When Teradata Indexing fails
Selecting rows from extensive tables with billions of entries can be resource-intensive. While it may not cause significant strain on resources when accessing rows directly through primary indices or unique secondary indices (USI), using a “LIKE” operator to select rows can be extremely resource-intensive.
SELECT * FROM wide_table WHERE column_B LIKE ‘%A%’;
Typically, the aforementioned inquiry is resolved through a full table scan (FTS), without any additional measures.
Using a NUSI or single table join index (STJI) can minimize disk IO and decrease query runtime.
Using an STJI may be viable; however, persuading the optimizer to replace the FTS on the base table with an FTS on a NUSI sub-table could prove challenging. The inadequate statistics (whether collected or sampled) may not adequately support index usage. Typically, when the search parameter begins with “value%”, the optimizer may opt for a NUSI traversal instead of “%value%”. This preference stems from the storage manner of statistic histograms in Teradata.
Note that the use of LIKE operators prevents a binary search in NUSI data blocks due to sorting the row pointer array by ROWHASH of indexed columns, which LIKE operators cannot hash. This limits access to a full table scan of the NUSI sub-table, which is only feasible when the number of NUSI data blocks to be read is significantly lower than the number of base table data blocks accessed with an FTS.
The Solution without Teradata Indexing
Fortunately, there is a great technique to prevent a complete table scan on a broad table.
We generate a condensed version of the big table, comprising solely the primary key columns and those essential for fulfilling the LIKE operator’s requirements. To employ this technique, it is crucial that the primary key and primary index of the table match.
We will join our auxiliary table with the wide table instead of selecting directly from the latter.
t01.primary_key = t02.primary_key
t02.column_A LIKE ‘%A%’;
If all necessary statistics are available for the query, the optimizer will generate an execution plan that is less demanding on resources than the original plan.
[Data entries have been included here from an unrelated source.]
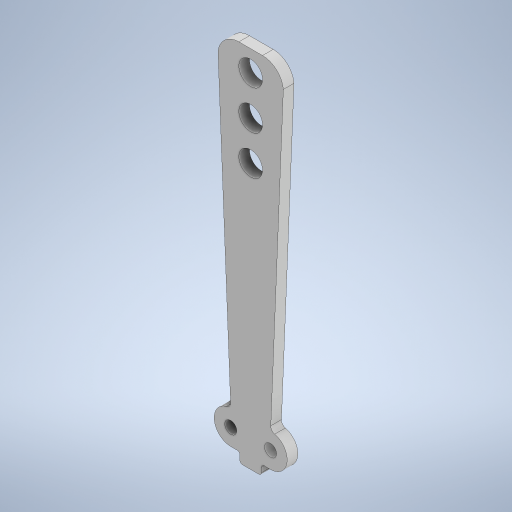
# Autodesk Inventor part: Blade
Saved by Autodesk Inventor 2023.5 (Build 275446000, 446)
## iProperties
Created: 2025-04-03
Part Number: Blade
Material: Generic
Document SubType Name: Modeling
Designer: huy20
Density: 1 g/cm^3
Appearance: Default
Author: huy20
Autodesk Inventor part; units mm, degrees
ref_plane "YZ Plane" through (0, 0, 0) normal (1, 0, 0) x (0, 1, 0)
ref_plane "XZ Plane" through (0, 0, 0) normal (0, 1, 0) x (-1, 0, 0)
ref_plane "XY Plane" through (0, 0, 0) normal (0, 0, 1) x (1, 0, 0)
sketch "Sketch1" plane through (0, 0, 0) normal (0, 0, 1) x (1, 0, 0)
  line L0 (12.4954, 128.3185) -> (7.6936, 14.3066)
  circle A0 centre (-7.62, 6.2119) radius 2.286
  line L1 (7.62, 8.4979) -> (7.9776, 8.4697)
  line L2 (7.2624, 3.954) -> (7.62, 3.9259)
  circle A1 centre (7.62, 6.2119) radius 2.286
  arc A2 (-9.1979, 12.3627) -> (-7.62, -0.1381) centre (-7.62, 6.2119) ccw
  arc A3 (7.62, -0.1381) -> (9.198, 12.3626) centre (7.62, 6.2119) ccw
  line L3 (-7.6934, 14.3065) -> (-12.4926, 128.3185)
  arc A4 (-4.1275, -2.9481) -> (-3.1275, -3.9481) centre (-3.1275, -2.9481) ccw
  arc A5 (3.1275, -3.9481) -> (4.1275, -2.9481) centre (3.1275, -2.9481) ccw
  line L4 (7.62, -0.1381) -> (5.1275, -0.1381)
  line L5 (-5.1275, -0.1381) -> (-7.62, -0.1381)
  arc A6 (-4.1275, -1.1381) -> (-5.1275, -0.1381) centre (-5.1275, -1.1381) ccw
  arc A7 (5.1275, -0.1381) -> (4.1275, -1.1381) centre (5.1275, -1.1381) ccw
  arc A8 (7.6968, 14.3841) -> (9.198, 12.3626) centre (9.6951, 14.2999) ccw
  arc A9 (-9.1979, 12.3627) -> (-7.6966, 14.3841) centre (-9.6949, 14.3) ccw
  line L6 (12.4954, 128.3185) -> (12.4954, 135.5817)
  line L7 (12.4954, 135.5817) -> (-12.4926, 135.5817)
  line L8 (-12.4926, 135.5817) -> (-12.4926, 128.3185)
  line L9 (-4.1275, -1.1381) -> (-4.1275, -2.9481)
  line L10 (-3.1275, -3.9481) -> (3.1275, -3.9481)
  line L11 (4.1275, -1.1381) -> (4.1275, -2.9481)
  point P0 (-5.1275, -0.1381)
  point P1 (0.0014, 135.5817)
  point P2 (0, 0)
  dimension "d2" = 15.24
  dimension "d15" = 4.572
  dimension "d16" = 24.988
  dimension "d17" = 4.822
  dimension "d74" = 10.16
  dimension "d75" = 3.9482
  dimension "d122" = 2
  constraints: 24 end point, 18 point on circle, 15 tangent, 10 centre point, 6 equal radius, 6 point on line, 4 parallel, 3 coincident, 2 horizontal, 2 vertical, 1 collinear, 1 midpoint
  measures "d2" distance of A1.centre point (-7.62, 6.212)
  measures "d15" diameter of A0
  measures "d16" distance of L6.end L7.end
  measures "d17" angle of L3 L0
  measures "d74" distance from line of L10 A1.centre
  measures "d75" distance from line of L10 point (0, 0)
  measures "d122" radius of A8
extrude "Extrusion1" add sketch "Sketch1" along normal mid plane 4.077
fillet "Fillet1" radius 8 2 edges at (12.4954, 135.5817, 0) (-12.4926, 135.5817, 0)
sketch "Sketch2" plane through (0, 0, 2.0385) normal (0, 0, 1) x (1, 0, 0)
  arc A0 (-4.5266, 135.5817) -> (-12.4926, 128.3185) centre (-4.5266, 127.5817) ccw projected
  line L0 (-12.4926, 128.3185) -> (-7.6966, 14.3841) projected
  arc A1 (-9.1979, 12.3627) -> (-7.6966, 14.3841) centre (-9.6949, 14.3) ccw projected
  arc A2 (-9.1979, 12.3627) -> (-7.62, -0.1381) centre (-7.62, 6.2119) ccw projected
  line L1 (-7.62, -0.1381) -> (-5.1275, -0.1381) projected
  arc A3 (-4.1275, -1.1381) -> (-5.1275, -0.1381) centre (-5.1275, -1.1381) ccw projected
  line L2 (-4.1275, -1.1381) -> (-4.1275, -2.9481) projected
  arc A4 (-4.1275, -2.9481) -> (-3.1275, -3.9481) centre (-3.1275, -2.9481) ccw projected
  line L3 (-3.1275, -3.9481) -> (3.1275, -3.9481) projected
  arc A5 (3.1275, -3.9481) -> (4.1275, -2.9481) centre (3.1275, -2.9481) ccw projected
  line L4 (4.1275, -2.9481) -> (4.1275, -1.1381) projected
  arc A6 (5.1275, -0.1381) -> (4.1275, -1.1381) centre (5.1275, -1.1381) ccw projected
  line L5 (5.1275, -0.1381) -> (7.62, -0.1381) projected
  arc A7 (7.62, -0.1381) -> (9.198, 12.3626) centre (7.62, 6.2119) ccw projected
  arc A8 (7.6968, 14.3841) -> (9.198, 12.3626) centre (9.6951, 14.2999) ccw projected
  line L6 (7.6968, 14.3841) -> (12.4954, 128.3185) projected
  arc A9 (12.4954, 128.3185) -> (4.5294, 135.5817) centre (4.5294, 127.5817) ccw projected
  line L7 (4.5294, 135.5817) -> (-4.5266, 135.5817) projected
  circle A10 centre (-7.62, 6.2119) radius 2.286 projected
  circle A11 centre (7.62, 6.2119) radius 2.286 projected
  line L8 (-4.5266, 127.5817) -> (4.5294, 127.5817)
  circle A12 centre (0.0014, 127.5817) radius 4.528
  circle A13 centre (0.0014, 112.5817) radius 4.528
  circle A14 centre (0.0014, 97.5817) radius 4.528
  point P0 (0, 0)
  dimension "d114" = 15
  dimension "d115" = 15
  dimension "d118" = 23
  dimension "d119" = 38
  constraints: 2 centre point, 2 end point, 1 horizontal, 1 horizontal alignment, 1 midpoint, 4 other
  measures "d114" distance of A13.centre point (0.001, 127.582)
  measures "d115" distance of A14.centre A13.centre
  measures "d118" distance from line of L7 A13.centre
  measures "d119" distance from line of A14.centre L7
extrude "Extrusion2" cut sketch "Sketch2" against normal through all contours A12 L8 | L8 A12 | A13 | A14
body "Solid1"
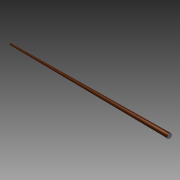
# Autodesk Inventor part: CueStickFull
Saved by Autodesk Inventor 2015 (Build 190159000, 159)
## iProperties
Created: 2017-01-04
Part Number: CueStickFull
Material: Generic
Document SubType Name: Modeling
Designer: Ernest
Density: 1 g/cm^3
Appearance: Default
Author: Ernest
Autodesk Inventor part; units mm, degrees
ref_plane "YZ Plane" through (0, 0, 0) normal (1, 0, 0) x (0, 1, 0)
ref_plane "XZ Plane" through (0, 0, 0) normal (0, 1, 0) x (-1, 0, 0)
ref_plane "XY Plane" through (0, 0, 0) normal (0, 0, 1) x (1, 0, 0)
sketch "Sketch1" plane through (0, 0, 0) normal (0, 0, 1) x (1, 0, 0)
  line L0 (0, 0) -> (1524, 0)
  line L1 (0, 0) -> (0, 7)
  line L2 (0, 0) -> (0, -7)
  line L3 (1524, 0) -> (1524, 22)
  line L4 (1524, 0) -> (1524, -22)
  line L5 (1524, -22) -> (0, -7)
  line L6 (1524, 22) -> (0, 7)
  dimension "d0" = 1524
  dimension "d1" = 7
  dimension "d2" = 7
  dimension "d3" = 22
  dimension "d4" = 22
  constraints: 14 end point, 4 vertical, 1 horizontal
  measures "d0" distance of L0.start L0.end
  measures "d1" distance of L0.start L1.end
  measures "d2" distance of L0.start L2.end
  measures "d3" distance of L0.end L3.end
  measures "d4" distance of L0.end L4.end
revolve "Revolution1" add sketch "Sketch1" angle 360 about axis through (0, 0, 0) along (1, 0, 0) contours L1 L6 L3 L0
body "Solid1"

Performing a complete scan of the minor auxiliary table will isolate only the rows that fulfill the LIKE operator and transfer them to the spool. Since the supporting table is significantly smaller, there will be a significant decrease in IO.
The second step involves a swift and AMP-local primary index merge join of the spooled records with the wide table.
The above solution was effectively executed in multiple telecommunication projects, which involved carrying out daily queries using LIKE operators on massive call detail record (CDR) tables. Typically, the generation of supplementary tables is deferred until the nightly batch load window.